日本薬剤師会は、5月13日、ホームページに、プレスリリース「東日本大震災に係る薬剤師会の救援活動について」を掲載しました、
日本薬剤師会では、東日本大震災が発生した3月11日、直ちに児玉孝会長を本部長とする災害対策本部を立ち上げるとともに、都道府県薬剤師会との連携のもと、被災地における医薬品の安全・安心な供給と使用を確保するため、継続的に薬剤師の派遣等を行っています。今回は、第2報として、2ヶ月間の活動状況の概要を、5月11日現在でまとめ、発表したものです。
主な内容は次の通りです。
◇ 派遣した薬剤師数
(1) 派遣薬剤師数
① 岩手県:実人数220人、延べ人数 992人
② 宮城県:実人数843人、延べ人数3,450人
③ 福島県:実人数403人、延べ人数1,417人
④ 茨城県:実人数 4人、延べ人数 13人
合計 実人数1,470人、延べ人数5,872人
(2) 参加都道府県薬剤師会数
44都道府県(被災3県を除く)
(3) 派遣種類別の人数
① 薬剤師会の支援活動としての派遣(自県対応分を除く):実人数1,149人、延べ人数4,417人
② 都道府県医師会との連携に基づく派遣(JMATへの参加等):実人数124人、延べ人数521人
③ 都道府県等、自治体からの支援要請に基づく派遣:実人数137人、延べ人数675人
④ その他による派遣:実人数60人、延べ人数259人
この他に、日本病院薬剤師会にも5月7日現在で、228人の病院薬剤師から派遣協力申出があり、派遣先と活動開始の日程調整が済んだ者から順次、被災地の医療機関に向けて派遣されている。

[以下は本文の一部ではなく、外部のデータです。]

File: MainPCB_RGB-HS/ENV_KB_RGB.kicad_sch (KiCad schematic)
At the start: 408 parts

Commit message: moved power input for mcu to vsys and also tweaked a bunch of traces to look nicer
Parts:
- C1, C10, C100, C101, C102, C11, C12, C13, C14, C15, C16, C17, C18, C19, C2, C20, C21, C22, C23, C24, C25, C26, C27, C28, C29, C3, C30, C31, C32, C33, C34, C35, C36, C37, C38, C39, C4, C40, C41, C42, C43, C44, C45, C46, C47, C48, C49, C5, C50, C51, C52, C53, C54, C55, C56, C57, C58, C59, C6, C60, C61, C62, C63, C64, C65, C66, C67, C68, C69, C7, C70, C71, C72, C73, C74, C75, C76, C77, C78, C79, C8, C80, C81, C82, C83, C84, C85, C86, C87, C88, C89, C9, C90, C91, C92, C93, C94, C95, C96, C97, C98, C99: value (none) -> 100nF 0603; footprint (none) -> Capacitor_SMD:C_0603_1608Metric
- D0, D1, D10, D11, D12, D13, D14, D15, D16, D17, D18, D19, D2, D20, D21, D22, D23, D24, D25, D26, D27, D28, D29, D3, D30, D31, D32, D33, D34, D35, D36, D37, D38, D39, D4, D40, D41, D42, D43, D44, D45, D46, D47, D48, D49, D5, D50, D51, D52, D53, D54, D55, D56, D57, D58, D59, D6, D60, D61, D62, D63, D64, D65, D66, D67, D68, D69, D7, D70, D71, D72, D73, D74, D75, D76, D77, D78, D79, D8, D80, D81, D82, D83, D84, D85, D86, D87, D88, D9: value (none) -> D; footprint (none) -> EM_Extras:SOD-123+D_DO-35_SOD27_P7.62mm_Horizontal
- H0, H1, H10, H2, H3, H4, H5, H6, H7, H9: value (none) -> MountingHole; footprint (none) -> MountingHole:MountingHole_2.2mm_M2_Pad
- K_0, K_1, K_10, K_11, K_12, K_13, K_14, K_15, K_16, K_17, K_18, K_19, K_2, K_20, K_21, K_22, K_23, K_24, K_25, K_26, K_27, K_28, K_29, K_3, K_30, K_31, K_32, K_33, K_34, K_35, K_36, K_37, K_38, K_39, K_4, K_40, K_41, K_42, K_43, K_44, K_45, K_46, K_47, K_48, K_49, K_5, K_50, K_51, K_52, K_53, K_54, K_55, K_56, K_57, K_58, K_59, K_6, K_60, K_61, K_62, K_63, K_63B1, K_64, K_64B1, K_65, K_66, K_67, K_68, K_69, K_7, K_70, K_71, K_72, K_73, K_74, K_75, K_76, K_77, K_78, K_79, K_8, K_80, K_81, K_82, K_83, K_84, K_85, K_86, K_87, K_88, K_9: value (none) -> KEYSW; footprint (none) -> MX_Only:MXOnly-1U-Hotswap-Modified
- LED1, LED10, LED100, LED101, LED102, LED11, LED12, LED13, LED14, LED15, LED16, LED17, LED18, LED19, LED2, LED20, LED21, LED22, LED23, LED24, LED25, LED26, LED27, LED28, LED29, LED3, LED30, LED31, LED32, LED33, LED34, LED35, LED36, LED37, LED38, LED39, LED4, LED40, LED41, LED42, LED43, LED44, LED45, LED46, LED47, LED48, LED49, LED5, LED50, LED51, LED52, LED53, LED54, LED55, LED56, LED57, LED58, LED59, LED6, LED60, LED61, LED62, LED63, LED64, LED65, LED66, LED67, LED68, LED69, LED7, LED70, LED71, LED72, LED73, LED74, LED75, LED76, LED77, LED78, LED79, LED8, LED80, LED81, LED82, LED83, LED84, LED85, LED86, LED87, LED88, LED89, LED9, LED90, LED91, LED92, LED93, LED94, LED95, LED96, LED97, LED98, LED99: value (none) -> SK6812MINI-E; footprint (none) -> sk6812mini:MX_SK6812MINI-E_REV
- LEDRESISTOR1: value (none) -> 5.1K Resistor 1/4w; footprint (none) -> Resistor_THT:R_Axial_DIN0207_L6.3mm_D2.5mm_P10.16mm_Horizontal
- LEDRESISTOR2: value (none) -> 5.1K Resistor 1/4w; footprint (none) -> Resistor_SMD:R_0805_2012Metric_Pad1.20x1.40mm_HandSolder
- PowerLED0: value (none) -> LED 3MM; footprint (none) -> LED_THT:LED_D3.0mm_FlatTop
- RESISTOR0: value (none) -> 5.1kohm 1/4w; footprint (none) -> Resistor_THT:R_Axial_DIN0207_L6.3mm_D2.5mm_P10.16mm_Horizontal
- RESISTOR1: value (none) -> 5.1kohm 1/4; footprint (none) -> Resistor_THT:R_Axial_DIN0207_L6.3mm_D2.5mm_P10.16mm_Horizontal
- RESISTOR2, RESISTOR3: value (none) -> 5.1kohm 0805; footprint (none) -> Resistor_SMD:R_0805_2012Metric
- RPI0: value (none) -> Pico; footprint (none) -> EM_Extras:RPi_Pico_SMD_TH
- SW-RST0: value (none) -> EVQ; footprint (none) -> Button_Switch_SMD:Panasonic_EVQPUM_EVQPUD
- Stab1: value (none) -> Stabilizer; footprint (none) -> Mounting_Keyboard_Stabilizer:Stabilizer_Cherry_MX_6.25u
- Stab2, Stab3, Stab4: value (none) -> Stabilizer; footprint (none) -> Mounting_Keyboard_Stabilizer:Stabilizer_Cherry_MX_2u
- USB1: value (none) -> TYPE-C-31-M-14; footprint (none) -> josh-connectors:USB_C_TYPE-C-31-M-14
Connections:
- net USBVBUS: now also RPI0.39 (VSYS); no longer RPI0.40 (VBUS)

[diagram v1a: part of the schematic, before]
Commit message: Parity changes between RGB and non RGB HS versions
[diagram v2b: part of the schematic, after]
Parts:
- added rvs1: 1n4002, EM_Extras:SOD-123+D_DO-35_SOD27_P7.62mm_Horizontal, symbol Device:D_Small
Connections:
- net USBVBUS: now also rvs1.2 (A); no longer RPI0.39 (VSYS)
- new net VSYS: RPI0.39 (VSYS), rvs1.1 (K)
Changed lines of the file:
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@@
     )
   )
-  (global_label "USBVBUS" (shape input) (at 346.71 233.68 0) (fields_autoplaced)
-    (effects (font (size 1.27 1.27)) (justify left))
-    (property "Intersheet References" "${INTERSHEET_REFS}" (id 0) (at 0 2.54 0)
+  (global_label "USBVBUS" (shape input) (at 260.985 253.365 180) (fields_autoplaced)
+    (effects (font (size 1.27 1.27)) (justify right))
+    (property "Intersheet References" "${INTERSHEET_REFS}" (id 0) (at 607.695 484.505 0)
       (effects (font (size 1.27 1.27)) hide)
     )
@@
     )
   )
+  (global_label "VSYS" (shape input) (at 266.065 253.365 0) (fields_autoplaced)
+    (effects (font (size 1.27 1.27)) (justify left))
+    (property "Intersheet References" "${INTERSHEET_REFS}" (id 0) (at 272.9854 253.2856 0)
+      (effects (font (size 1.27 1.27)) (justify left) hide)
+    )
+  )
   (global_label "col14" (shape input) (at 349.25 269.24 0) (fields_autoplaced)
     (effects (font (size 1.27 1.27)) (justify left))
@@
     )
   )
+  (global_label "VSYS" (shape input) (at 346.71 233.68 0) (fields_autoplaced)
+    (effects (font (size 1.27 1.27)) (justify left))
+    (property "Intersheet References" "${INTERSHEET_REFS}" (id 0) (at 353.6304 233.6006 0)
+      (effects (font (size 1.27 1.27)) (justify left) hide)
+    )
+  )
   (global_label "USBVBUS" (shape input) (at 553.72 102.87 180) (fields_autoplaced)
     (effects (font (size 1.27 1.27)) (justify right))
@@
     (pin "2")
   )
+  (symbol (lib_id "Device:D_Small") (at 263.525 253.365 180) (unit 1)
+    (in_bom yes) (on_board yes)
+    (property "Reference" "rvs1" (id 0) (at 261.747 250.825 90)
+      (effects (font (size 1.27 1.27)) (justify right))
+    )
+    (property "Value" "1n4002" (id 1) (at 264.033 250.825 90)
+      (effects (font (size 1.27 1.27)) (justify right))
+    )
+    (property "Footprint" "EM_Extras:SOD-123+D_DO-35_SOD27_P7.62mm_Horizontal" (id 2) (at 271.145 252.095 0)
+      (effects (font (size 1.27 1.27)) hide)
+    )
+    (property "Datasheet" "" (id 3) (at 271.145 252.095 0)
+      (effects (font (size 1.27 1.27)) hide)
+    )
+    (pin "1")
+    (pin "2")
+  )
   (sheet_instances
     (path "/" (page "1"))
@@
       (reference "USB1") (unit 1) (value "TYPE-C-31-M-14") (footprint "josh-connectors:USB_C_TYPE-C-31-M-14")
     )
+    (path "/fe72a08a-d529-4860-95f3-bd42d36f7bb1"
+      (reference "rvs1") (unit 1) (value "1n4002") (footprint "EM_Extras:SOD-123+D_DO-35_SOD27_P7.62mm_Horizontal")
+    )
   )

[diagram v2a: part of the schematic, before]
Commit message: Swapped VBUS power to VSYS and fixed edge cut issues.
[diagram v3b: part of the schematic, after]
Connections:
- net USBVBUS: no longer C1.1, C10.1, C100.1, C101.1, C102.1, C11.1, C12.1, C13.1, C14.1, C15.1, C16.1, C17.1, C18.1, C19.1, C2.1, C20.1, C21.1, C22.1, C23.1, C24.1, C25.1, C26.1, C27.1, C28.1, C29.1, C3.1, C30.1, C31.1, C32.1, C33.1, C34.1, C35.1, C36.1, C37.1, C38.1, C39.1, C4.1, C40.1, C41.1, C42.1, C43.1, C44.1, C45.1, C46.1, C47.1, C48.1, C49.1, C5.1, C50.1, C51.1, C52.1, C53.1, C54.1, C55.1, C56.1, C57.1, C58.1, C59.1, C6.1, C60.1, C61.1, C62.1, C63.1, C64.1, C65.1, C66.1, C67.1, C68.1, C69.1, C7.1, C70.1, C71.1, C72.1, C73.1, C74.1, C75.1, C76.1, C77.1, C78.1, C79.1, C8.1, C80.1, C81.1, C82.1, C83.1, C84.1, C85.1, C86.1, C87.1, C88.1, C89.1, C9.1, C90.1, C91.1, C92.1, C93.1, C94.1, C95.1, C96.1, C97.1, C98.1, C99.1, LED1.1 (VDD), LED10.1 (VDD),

また、日本チェーンドラッグストア協会および日本保険薬局協会等の関係団体からも、薬剤師派遣や医薬品・衛生用品等の提供がなされている。
◇ 派遣先での活動内容例
(1) 医薬品集積所等での医薬品の仕分け・管理、並びに救護所・避難所への払い出し業務
(2) 救護所・仮設診療所等における被災者に対する調剤および服薬説明
(3) 派遣された医療チームに同行して、処方支援・医薬品の識別・代替医薬品の選択、それに伴う服薬説明等を通じた安全・適正使用の確保
(4) 各避難所を巡回し、避難された被災者からの医薬品に関する相談・服薬説明に加えて、一般用医薬品(OTC薬)の適切な使用とその相談(OTC薬で対応が可能と考えられる被災者に対しては、救護所等での診察の前に薬剤師が症状等を聞き、適切なOTC薬を供給している。これにより、医療チームは多くの患者への対応の診察が可能になっている)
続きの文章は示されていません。